• **WORKING DATA**
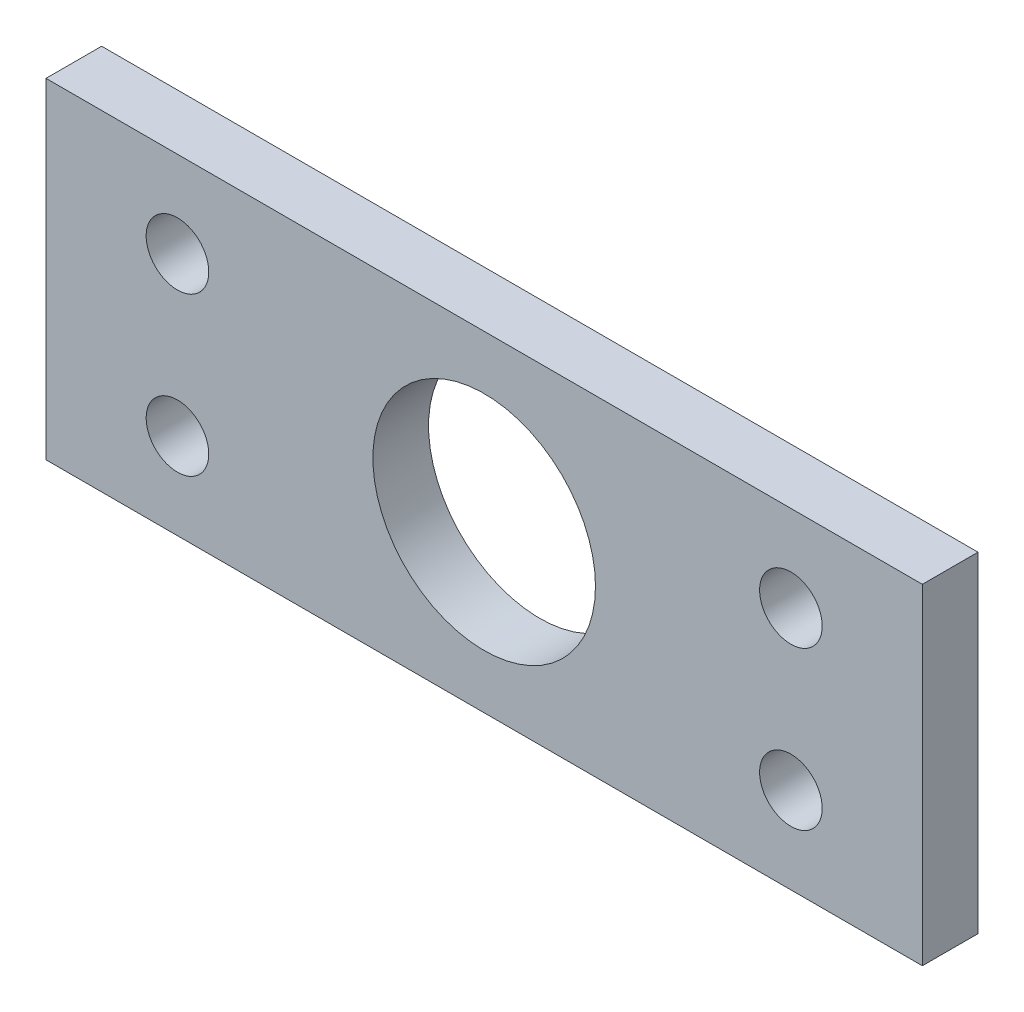
SolidWorks part; units mm, degrees
ref_plane "Alzado" through (0, 0, 0) normal (0, 0, 1) x (1, 0, 0)
ref_plane "Planta" through (0, 0, 0) normal (0, 1, 0) x (1, 0, 0)
ref_plane "Vista lateral" through (0, 0, 0) normal (1, 0, 0) x (0, 0, -1)
sketch "Croquis1" plane through (0, 0, 0) normal (0, 0, 1) x (1, 0, 0)
  line L0 (-100, 25.4) -> (100, 25.4)
  line L1 (-100, 25.4) -> (-100, -50)
  line L2 (-100, -50) -> (100, -50)
  line L3 (100, -50) -> (100, 25.4)
  line L4 (0, -50) -> (0, 25.4) construction
  circle A0 centre (0, -12.3) radius 25.4
  dimension "D1" = 50.8
extrude "Saliente-Extruir1" add sketch "Croquis1" along normal blind 12.7
sketch "Croquis2" plane through (0, 0, 12.7) normal (0, 0, 1) x (1, 0, 0)
  line L0 (-100, -12.3) -> (-70, -12.3) construction
  line L1 (-100, 25.4) -> (-100, -50) construction
  line L2 (-70, -12.3) -> (-70, 5.7) construction
  line L3 (0, -50) -> (0, -37.7) construction
  line L4 (-100, -50) -> (100, -50) construction
  line L5 (70, -12.3) -> (70, 5.7) construction
  circle A0 centre (-70, 5.7) radius 7.1438
  circle A1 centre (-70, -30.3) radius 7.1438
  circle A2 centre (0, -12.3) radius 25.4 construction
  circle A3 centre (70, -30.3) radius 7.1438
  circle A4 centre (70, 5.7) radius 7.1437
  dimension "D3" = 14.2875
  dimension "D1" = 30
  dimension "D2" = 18
extrude "Cortar-Extruir1" cut sketch "Croquis2" against normal blind 15

• **EXERCISE REQUIREMENTS**
In the entries above, identify every line with the word "blind". Copy those lines.

• **COMPLETED EXERCISE**
extrude "Saliente-Extruir1" add sketch "Croquis1" along normal blind 12.7
extrude "Cortar-Extruir1" cut sketch "Croquis2" against normal blind 15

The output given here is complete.